Background: The study is to evaluate the patterns of failure, toxicities and long-term outcomes of aggressive treatment using (18)F-FDG PET/CT-guided chemoradiation plannings for advanced cervical cancer with extensive nodal extent that has been regarded as a systemic disease.
Methods: We retrospectively reviewed 72 consecutive patients with (18)F-FDG PET/CT-detected widespread pelvic, para-aortic and/or supraclavicular lymph nodes treated with curative-intent PET-guided cisplatin-based extended-field dose-escalating intensity-modulated radiotherapy (IMRT) and adaptive high-dose-rate intracavitary 3D-brachytherapy between 2002 and 2010. The failure sites were specifically localized by comparing recurrences on fusion of post-therapy recurrent (18)F-FDG PET/CT scans to the initial PET-guided radiation plannings for IMRT and brachytherapy.
Results: The median follow-up time for the 72 patients was 66 months (range, 3-142 months). The 5-year disease-free survival rate calculated by the Kaplan-Meier method for the patients with extensive N1 disease with the uppermost PET-positive pelvic-only nodes (26 patients), and the patients with M1 disease with the uppermost PET-positive para-aortic (31 patients) or supraclavicular (15 patients) nodes was 78.5 %, and 41.8-50 %, respectively (N1 vs. M1, p = 0.0465). Eight (11.1 %), 18 (25.0 %), and 3 (4.2 %) of the patients developed in-field recurrence, out-of-field and/or distant metastasis, and combined failure, respectively. The 6 (8.3 %) local failures around the uterine cervix were all at the junction between IMRT and brachytherapy in the parametrium. The rate of late grade 3/4 bladder and bowel toxicities was 4.2 and 9.7 %, respectively. When compared to conventional pelvic chemoradiation/2D-brachytherapy during 1990-2001, the adoption of (18)F-FDG PET-guided extended-field dose-escalating chemoradiation plannings in IMRT and 3D-brachytherapy after 2002 appeared to provide higher disease-free and overall survival rates with acceptable toxicities in advanced cervical cancer patients.

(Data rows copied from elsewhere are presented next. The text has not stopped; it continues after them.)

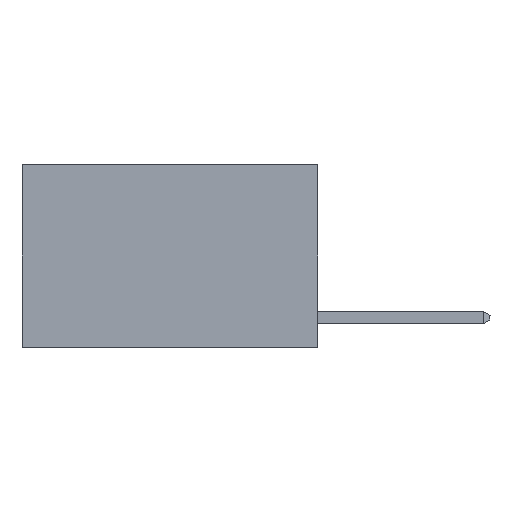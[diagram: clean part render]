
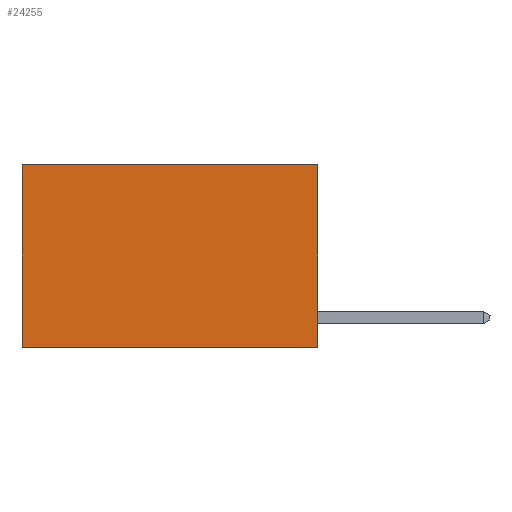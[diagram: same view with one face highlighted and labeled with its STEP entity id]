
A CAD part, left-side view. The second image highlights one B-rep face of the part: STEP entity #24255.
In plain terms, the highlighted planar face has unit normal (-1, 0, 0).
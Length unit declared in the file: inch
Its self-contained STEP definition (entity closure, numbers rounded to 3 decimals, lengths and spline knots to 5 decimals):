
#152 = ORIENTED_EDGE ( 'NONE', *, *, #10827, .T. ) ;
#377 = ORIENTED_EDGE ( 'NONE', *, *, #1579, .T. ) ;
#422 = CARTESIAN_POINT ( 'NONE',  ( 0.2625, 0., -0.37 ) ) ;
#1066 = CARTESIAN_POINT ( 'NONE',  ( 0.2625, 0.6, -0.37 ) ) ;
#1461 = VERTEX_POINT ( 'NONE', #9700 ) ;
#1579 = EDGE_CURVE ( 'NONE', #15230, #14884, #16041, .T. ) ;
#2870 = EDGE_LOOP ( 'NONE', ( #377, #4118, #14858, #152 ) ) ;
#3460 = EDGE_CURVE ( 'NONE', #1461, #14884, #22059, .T. ) ;
#3918 = CARTESIAN_POINT ( 'NONE',  ( 0.2625, 0., 0. ) ) ;
#4118 = ORIENTED_EDGE ( 'NONE', *, *, #3460, .F. ) ;
#6172 = DIRECTION ( 'NONE',  ( 0., 0., -1. ) ) ;
#8254 = LINE ( 'NONE', #10786, #14820 ) ;
#8731 = CARTESIAN_POINT ( 'NONE',  ( 0.2625, 0., 0. ) ) ;
#9378 = VECTOR ( 'NONE', #6172, 39.37008 ) ;
#9700 = CARTESIAN_POINT ( 'NONE',  ( 0.2625, 0., -0.37 ) ) ;
#10487 = VECTOR ( 'NONE', #15466, 39.37008 ) ;
#10786 = CARTESIAN_POINT ( 'NONE',  ( 0.2625, 0., 0. ) ) ;
#10827 = EDGE_CURVE ( 'NONE', #26394, #15230, #19427, .T. ) ;
#11055 = VECTOR ( 'NONE', #25855, 39.37008 ) ;
#12675 = AXIS2_PLACEMENT_3D ( 'NONE', #3918, #21093, #16872 ) ;
#14554 = CARTESIAN_POINT ( 'NONE',  ( 0.2625, 0.6, 0. ) ) ;
#14634 = PLANE ( 'NONE',  #12675 ) ;
#14820 = VECTOR ( 'NONE', #16691, 39.37008 ) ;
#14858 = ORIENTED_EDGE ( 'NONE', *, *, #16679, .F. ) ;
#14884 = VERTEX_POINT ( 'NONE', #1066 ) ;
#15230 = VERTEX_POINT ( 'NONE', #14554 ) ;
#15466 = DIRECTION ( 'NONE',  ( 0., 1., 0. ) ) ;
#16041 = LINE ( 'NONE', #23330, #9378 ) ;
#16679 = EDGE_CURVE ( 'NONE', #26394, #1461, #8254, .T. ) ;
#16691 = DIRECTION ( 'NONE',  ( 0., 0., -1. ) ) ;
#16872 = DIRECTION ( 'NONE',  ( 0., 0., -1. ) ) ;
#19427 = LINE ( 'NONE', #8731, #11055 ) ;
#21093 = DIRECTION ( 'NONE',  ( 1., 0., 0. ) ) ;
#22059 = LINE ( 'NONE', #422, #10487 ) ;
#23330 = CARTESIAN_POINT ( 'NONE',  ( 0.2625, 0.6, 0. ) ) ;
#24255 = ADVANCED_FACE ( 'NONE', ( #27550 ), #14634, .F. ) ;
#24886 = CARTESIAN_POINT ( 'NONE',  ( 0.2625, 0., 0. ) ) ;
#25855 = DIRECTION ( 'NONE',  ( 0., 1., 0. ) ) ;
#26394 = VERTEX_POINT ( 'NONE', #24886 ) ;
#27550 = FACE_OUTER_BOUND ( 'NONE', #2870, .T. ) ;

Conclusions: For AJCC stage M1 cervical cancer with supraclavicular lymph node metastases, curability can be achieved in the era of PET and chemo-IMRT. However, the main pattern of failure is still out-of-field and/or distant metastasis. In addition to improving systemic treatment, how to optimize and integrate the junctional doses between IMRT and 3D-brachytherapy in PET-guided plannings to further decrease local recurrence warrants investigation.